In essence, the findings of this comprehensive investigation provide a remarkable contribution to the understanding of HSV genetic variation linked to antiviral resistance-related mutations. This study provides valuable information for further research in this area.
I highly recommend this manuscript for publication due to its significant findings, rigorous methodology, and contribution to the field.
To enhance the impact of their findings, I suggest that the authors refine their writing style to more effectively convey the significance of their research.
Author Response
Response to Reviewer 3 Comments
In this study, Hyun et al. applied the state-of-art next-generation sequencing to comprehensively investigate the genetic polymorphisms and their frequencies of the HSV thymidine kinase (TK) and HSV DNA polymerase (pol) genes. The meticulous analysis was conducted on a total of 81 HSV-1 and 47 HSV-2 clinical isolates from Korean HSV-infected patients. The study successfully unveiled both previously known and novel polymorphisms in TK and pol genes. The E257K amino acid substitution in TK conferring Acyclovir (ACV)-resistant was detected in 2.5% of HSV-1 isolates. Conversely, no mutation related to ACV-resistance were detected among HSV-2 clinical isolates. The frequencies of certain known polymorphisms exhibited significant variation from those previously reported in other countries. Such disparities emphasize the importance of considering regional genetic diversity and epidemiological factors when scrutinizing antiviral resistance.
An important limitation of this study, as acknowledged by the authors in the Discussion section, pertains to the absence of phenotypic test to investigate whether some of the novel polymorphisms identified herein are indeed associated with antiviral resistance. While I firmly believe in the potential significance of establishing such associations, it is essential to note that the lack of this specific information does not in any way diminish the overall importance of this study and its substantial contributions to the field of antiviral research.

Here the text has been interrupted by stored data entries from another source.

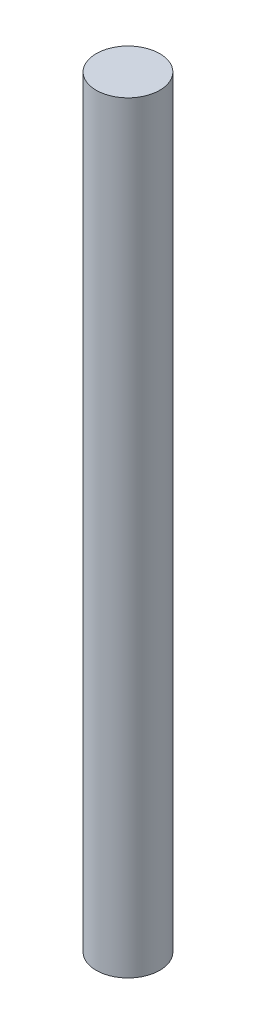
ISO-10303-21;
HEADER;
FILE_DESCRIPTION(('STEP AP214'),'2;1');
FILE_NAME('part.step','',(''),(''),'','','');
FILE_SCHEMA(('AUTOMOTIVE_DESIGN { 1 0 10303 214 1 1 1 1 }'));
ENDSEC;
DATA;
#1=APPLICATION_CONTEXT('core data for automotive mechanical design processes');
#2=APPLICATION_PROTOCOL_DEFINITION('international standard','automotive_design',2000,#1);
#3=PRODUCT_CONTEXT('',#1,'mechanical');
#4=PRODUCT('Part','Part','',(#3));
#5=PRODUCT_RELATED_PRODUCT_CATEGORY('part','',(#4));
#6=PRODUCT_DEFINITION_FORMATION('','',#4);
#7=PRODUCT_DEFINITION_CONTEXT('part definition',#1,'design');
#8=PRODUCT_DEFINITION('design','',#6,#7);
#9=PRODUCT_DEFINITION_SHAPE('','',#8);
#10=(LENGTH_UNIT() NAMED_UNIT(*) SI_UNIT(.MILLI.,.METRE.));
#11=(NAMED_UNIT(*) PLANE_ANGLE_UNIT() SI_UNIT($,.RADIAN.));
#12=(NAMED_UNIT(*) SI_UNIT($,.STERADIAN.) SOLID_ANGLE_UNIT());
#13=UNCERTAINTY_MEASURE_WITH_UNIT(LENGTH_MEASURE(1.E-05),#10,'distance_accuracy_value','');
#14=(GEOMETRIC_REPRESENTATION_CONTEXT(3) GLOBAL_UNCERTAINTY_ASSIGNED_CONTEXT((#13)) GLOBAL_UNIT_ASSIGNED_CONTEXT((#10,
#11,#12)) REPRESENTATION_CONTEXT('',''));
#15=CARTESIAN_POINT('',(0.,0.,0.));
#16=DIRECTION('',(0.,0.,1.));
#17=DIRECTION('',(1.,0.,0.));
#18=AXIS2_PLACEMENT_3D('',#15,#16,#17);
#19=CARTESIAN_POINT('',(0.,60.,0.));
#20=DIRECTION('',(0.,-1.,0.));
#21=DIRECTION('',(0.,0.,-1.));
#22=AXIS2_PLACEMENT_3D('',#19,#20,#21);
#23=CYLINDRICAL_SURFACE('',#22,2.5);
#24=CARTESIAN_POINT('',(0.,60.,0.));
#25=DIRECTION('',(0.,1.,0.));
#26=DIRECTION('',(0.,0.,1.));
#27=AXIS2_PLACEMENT_3D('',#24,#25,#26);
#28=CIRCLE('',#27,2.5);
#29=CARTESIAN_POINT('',(0.,60.,2.5));
#30=VERTEX_POINT('',#29);
#31=EDGE_CURVE('E10',#30,#30,#28,.T.);
#32=ORIENTED_EDGE('',*,*,#31,.F.);
#33=EDGE_LOOP('',(#32));
#34=FACE_BOUND('',#33,.T.);
#35=CARTESIAN_POINT('',(0.,0.,0.));
#36=DIRECTION('',(0.,1.,0.));
#37=DIRECTION('',(0.,0.,1.));
#38=AXIS2_PLACEMENT_3D('',#35,#36,#37);
#39=CIRCLE('',#38,2.5);
#40=CARTESIAN_POINT('',(0.,0.,2.5));
#41=VERTEX_POINT('',#40);
#42=EDGE_CURVE('E39',#41,#41,#39,.T.);
#43=ORIENTED_EDGE('',*,*,#42,.T.);
#44=EDGE_LOOP('',(#43));
#45=FACE_BOUND('',#44,.T.);
#46=ADVANCED_FACE('F36',(#34,#45),#23,.T.);
#47=CARTESIAN_POINT('',(0.,60.,0.));
#48=DIRECTION('',(0.,1.,0.));
#49=DIRECTION('',(0.,0.,1.));
#50=AXIS2_PLACEMENT_3D('',#47,#48,#49);
#51=PLANE('',#50);
#52=ORIENTED_EDGE('',*,*,#31,.T.);
#53=EDGE_LOOP('',(#52));
#54=FACE_BOUND('',#53,.T.);
#55=ADVANCED_FACE('F51',(#54),#51,.T.);
#56=CARTESIAN_POINT('',(0.,0.,0.));
#57=DIRECTION('',(0.,1.,0.));
#58=DIRECTION('',(0.,0.,1.));
#59=AXIS2_PLACEMENT_3D('',#56,#57,#58);
#60=PLANE('',#59);
#61=ORIENTED_EDGE('',*,*,#42,.F.);
#62=EDGE_LOOP('',(#61));
#63=FACE_BOUND('',#62,.T.);
#64=ADVANCED_FACE('F49',(#63),#60,.F.);
#65=CLOSED_SHELL('',(#46,#55,#64));
#66=MANIFOLD_SOLID_BREP('B2',#65);
#67=ADVANCED_BREP_SHAPE_REPRESENTATION('',(#18,#66),#14);
#68=SHAPE_DEFINITION_REPRESENTATION(#9,#67);
ENDSEC;
END-ISO-10303-21;
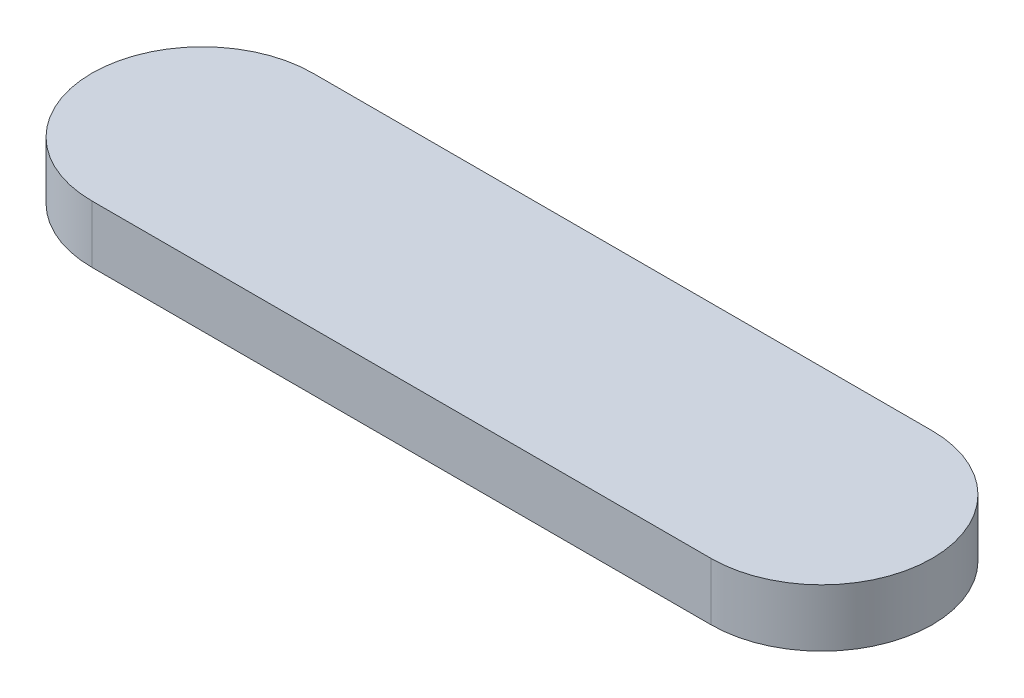
ISO-10303-21;
HEADER;
FILE_DESCRIPTION(('STEP AP214'),'2;1');
FILE_NAME('part.step','',(''),(''),'','','');
FILE_SCHEMA(('AUTOMOTIVE_DESIGN { 1 0 10303 214 1 1 1 1 }'));
ENDSEC;
DATA;
#1=APPLICATION_CONTEXT('core data for automotive mechanical design processes');
#2=APPLICATION_PROTOCOL_DEFINITION('international standard','automotive_design',2000,#1);
#3=PRODUCT_CONTEXT('',#1,'mechanical');
#4=PRODUCT('Part','Part','',(#3));
#5=PRODUCT_RELATED_PRODUCT_CATEGORY('part','',(#4));
#6=PRODUCT_DEFINITION_FORMATION('','',#4);
#7=PRODUCT_DEFINITION_CONTEXT('part definition',#1,'design');
#8=PRODUCT_DEFINITION('design','',#6,#7);
#9=PRODUCT_DEFINITION_SHAPE('','',#8);
#10=(LENGTH_UNIT() NAMED_UNIT(*) SI_UNIT(.MILLI.,.METRE.));
#11=(NAMED_UNIT(*) PLANE_ANGLE_UNIT() SI_UNIT($,.RADIAN.));
#12=(NAMED_UNIT(*) SI_UNIT($,.STERADIAN.) SOLID_ANGLE_UNIT());
#13=UNCERTAINTY_MEASURE_WITH_UNIT(LENGTH_MEASURE(1.E-05),#10,'distance_accuracy_value','');
#14=(GEOMETRIC_REPRESENTATION_CONTEXT(3) GLOBAL_UNCERTAINTY_ASSIGNED_CONTEXT((#13)) GLOBAL_UNIT_ASSIGNED_CONTEXT((#10,
#11,#12)) REPRESENTATION_CONTEXT('',''));
#15=CARTESIAN_POINT('',(0.,0.,0.));
#16=DIRECTION('',(0.,0.,1.));
#17=DIRECTION('',(1.,0.,0.));
#18=AXIS2_PLACEMENT_3D('',#15,#16,#17);
#19=CARTESIAN_POINT('',(0.,13.,0.));
#20=DIRECTION('',(0.,-1.,0.));
#21=DIRECTION('',(0.,0.,-1.));
#22=AXIS2_PLACEMENT_3D('',#19,#20,#21);
#23=CYLINDRICAL_SURFACE('',#22,25.);
#24=CARTESIAN_POINT('',(0.,0.,0.));
#25=DIRECTION('',(0.,1.,0.));
#26=DIRECTION('',(0.,0.,1.));
#27=AXIS2_PLACEMENT_3D('',#24,#25,#26);
#28=CIRCLE('',#27,25.);
#29=CARTESIAN_POINT('',(0.,0.,-25.));
#30=VERTEX_POINT('',#29);
#31=CARTESIAN_POINT('',(0.,0.,25.));
#32=VERTEX_POINT('',#31);
#33=EDGE_CURVE('E100',#30,#32,#28,.T.);
#34=ORIENTED_EDGE('',*,*,#33,.T.);
#35=DIRECTION('',(0.,-1.,0.));
#36=VECTOR('',#35,1.);
#37=CARTESIAN_POINT('',(0.,13.,25.));
#38=LINE('',#37,#36);
#39=CARTESIAN_POINT('',(0.,13.,25.));
#40=VERTEX_POINT('',#39);
#41=EDGE_CURVE('E11',#40,#32,#38,.T.);
#42=ORIENTED_EDGE('',*,*,#41,.F.);
#43=CARTESIAN_POINT('',(0.,13.,0.));
#44=DIRECTION('',(0.,1.,0.));
#45=DIRECTION('',(0.,0.,1.));
#46=AXIS2_PLACEMENT_3D('',#43,#44,#45);
#47=CIRCLE('',#46,25.);
#48=CARTESIAN_POINT('',(0.,13.,-25.));
#49=VERTEX_POINT('',#48);
#50=EDGE_CURVE('E88',#49,#40,#47,.T.);
#51=ORIENTED_EDGE('',*,*,#50,.F.);
#52=DIRECTION('',(0.,-1.,0.));
#53=VECTOR('',#52,1.);
#54=CARTESIAN_POINT('',(0.,13.,-25.));
#55=LINE('',#54,#53);
#56=EDGE_CURVE('E96',#49,#30,#55,.T.);
#57=ORIENTED_EDGE('',*,*,#56,.T.);
#58=EDGE_LOOP('',(#34,#42,#51,#57));
#59=FACE_BOUND('',#58,.T.);
#60=ADVANCED_FACE('F37',(#59),#23,.T.);
#61=CARTESIAN_POINT('',(0.,13.,25.));
#62=DIRECTION('',(0.,0.,-1.));
#63=DIRECTION('',(-1.,0.,0.));
#64=AXIS2_PLACEMENT_3D('',#61,#62,#63);
#65=PLANE('',#64);
#66=DIRECTION('',(1.,0.,0.));
#67=VECTOR('',#66,1.);
#68=CARTESIAN_POINT('',(0.,0.,25.));
#69=LINE('',#68,#67);
#70=CARTESIAN_POINT('',(140.,0.,25.));
#71=VERTEX_POINT('',#70);
#72=EDGE_CURVE('E92',#32,#71,#69,.T.);
#73=ORIENTED_EDGE('',*,*,#72,.T.);
#74=DIRECTION('',(0.,-1.,0.));
#75=VECTOR('',#74,1.);
#76=CARTESIAN_POINT('',(140.,13.,25.));
#77=LINE('',#76,#75);
#78=CARTESIAN_POINT('',(140.,13.,25.));
#79=VERTEX_POINT('',#78);
#80=EDGE_CURVE('E45',#79,#71,#77,.T.);
#81=ORIENTED_EDGE('',*,*,#80,.F.);
#82=DIRECTION('',(1.,0.,0.));
#83=VECTOR('',#82,1.);
#84=CARTESIAN_POINT('',(0.,13.,25.));
#85=LINE('',#84,#83);
#86=EDGE_CURVE('E83',#40,#79,#85,.T.);
#87=ORIENTED_EDGE('',*,*,#86,.F.);
#88=ORIENTED_EDGE('',*,*,#41,.T.);
#89=EDGE_LOOP('',(#73,#81,#87,#88));
#90=FACE_BOUND('',#89,.T.);
#91=ADVANCED_FACE('F91',(#90),#65,.F.);
#92=CARTESIAN_POINT('',(140.,13.,0.));
#93=DIRECTION('',(0.,-1.,0.));
#94=DIRECTION('',(0.,0.,-1.));
#95=AXIS2_PLACEMENT_3D('',#92,#93,#94);
#96=CYLINDRICAL_SURFACE('',#95,25.);
#97=CARTESIAN_POINT('',(140.,0.,0.));
#98=DIRECTION('',(0.,1.,0.));
#99=DIRECTION('',(0.,0.,1.));
#100=AXIS2_PLACEMENT_3D('',#97,#98,#99);
#101=CIRCLE('',#100,25.);
#102=CARTESIAN_POINT('',(140.,0.,-25.));
#103=VERTEX_POINT('',#102);
#104=EDGE_CURVE('E70',#71,#103,#101,.T.);
#105=ORIENTED_EDGE('',*,*,#104,.T.);
#106=DIRECTION('',(0.,-1.,0.));
#107=VECTOR('',#106,1.);
#108=CARTESIAN_POINT('',(140.,13.,-25.));
#109=LINE('',#108,#107);
#110=CARTESIAN_POINT('',(140.,13.,-25.));
#111=VERTEX_POINT('',#110);
#112=EDGE_CURVE('E93',#111,#103,#109,.T.);
#113=ORIENTED_EDGE('',*,*,#112,.F.);
#114=CARTESIAN_POINT('',(140.,13.,0.));
#115=DIRECTION('',(0.,1.,0.));
#116=DIRECTION('',(0.,0.,1.));
#117=AXIS2_PLACEMENT_3D('',#114,#115,#116);
#118=CIRCLE('',#117,25.);
#119=EDGE_CURVE('E86',#79,#111,#118,.T.);
#120=ORIENTED_EDGE('',*,*,#119,.F.);
#121=ORIENTED_EDGE('',*,*,#80,.T.);
#122=EDGE_LOOP('',(#105,#113,#120,#121));
#123=FACE_BOUND('',#122,.T.);
#124=ADVANCED_FACE('F94',(#123),#96,.T.);
#125=CARTESIAN_POINT('',(0.,13.,-25.));
#126=DIRECTION('',(0.,0.,1.));
#127=DIRECTION('',(1.,0.,0.));
#128=AXIS2_PLACEMENT_3D('',#125,#126,#127);
#129=PLANE('',#128);
#130=DIRECTION('',(-1.,0.,0.));
#131=VECTOR('',#130,1.);
#132=CARTESIAN_POINT('',(0.,0.,-25.));
#133=LINE('',#132,#131);
#134=EDGE_CURVE('E76',#103,#30,#133,.T.);
#135=ORIENTED_EDGE('',*,*,#134,.T.);
#136=ORIENTED_EDGE('',*,*,#56,.F.);
#137=DIRECTION('',(-1.,0.,0.));
#138=VECTOR('',#137,1.);
#139=CARTESIAN_POINT('',(0.,13.,-25.));
#140=LINE('',#139,#138);
#141=EDGE_CURVE('E53',#111,#49,#140,.T.);
#142=ORIENTED_EDGE('',*,*,#141,.F.);
#143=ORIENTED_EDGE('',*,*,#112,.T.);
#144=EDGE_LOOP('',(#135,#136,#142,#143));
#145=FACE_BOUND('',#144,.T.);
#146=ADVANCED_FACE('F107',(#145),#129,.F.);
#147=CARTESIAN_POINT('',(0.,13.,0.));
#148=DIRECTION('',(0.,1.,0.));
#149=DIRECTION('',(0.,0.,1.));
#150=AXIS2_PLACEMENT_3D('',#147,#148,#149);
#151=PLANE('',#150);
#152=ORIENTED_EDGE('',*,*,#50,.T.);
#153=ORIENTED_EDGE('',*,*,#86,.T.);
#154=ORIENTED_EDGE('',*,*,#119,.T.);
#155=ORIENTED_EDGE('',*,*,#141,.T.);
#156=EDGE_LOOP('',(#152,#153,#154,#155));
#157=FACE_BOUND('',#156,.T.);
#158=ADVANCED_FACE('F84',(#157),#151,.T.);
#159=CARTESIAN_POINT('',(0.,0.,0.));
#160=DIRECTION('',(0.,1.,0.));
#161=DIRECTION('',(0.,0.,1.));
#162=AXIS2_PLACEMENT_3D('',#159,#160,#161);
#163=PLANE('',#162);
#164=ORIENTED_EDGE('',*,*,#33,.F.);
#165=ORIENTED_EDGE('',*,*,#134,.F.);
#166=ORIENTED_EDGE('',*,*,#104,.F.);
#167=ORIENTED_EDGE('',*,*,#72,.F.);
#168=EDGE_LOOP('',(#164,#165,#166,#167));
#169=FACE_BOUND('',#168,.T.);
#170=ADVANCED_FACE('F110',(#169),#163,.F.);
#171=CLOSED_SHELL('',(#60,#91,#124,#146,#158,#170));
#172=MANIFOLD_SOLID_BREP('B2',#171);
#173=ADVANCED_BREP_SHAPE_REPRESENTATION('',(#18,#172),#14);
#174=SHAPE_DEFINITION_REPRESENTATION(#9,#173);
ENDSEC;
END-ISO-10303-21;

In essence, the findings of this comprehensive investigation provide a remarkable contribution to the understanding of HSV genetic variation linked to antiviral resistance-related mutations. This study provides valuable information for further research in this area.
I highly recommend this manuscript for publication due to its significant findings, rigorous methodology, and contribution to the field.
To enhance the impact of their findings, I suggest that the authors refine their writing style to more effectively convey the significance of their research.
Response: We would like to thank Reviewer 3 for their time and effort in reviewing our manuscript and for providing comments. We received an English proofreading service from "Editage".
We are grateful for your positive feedback.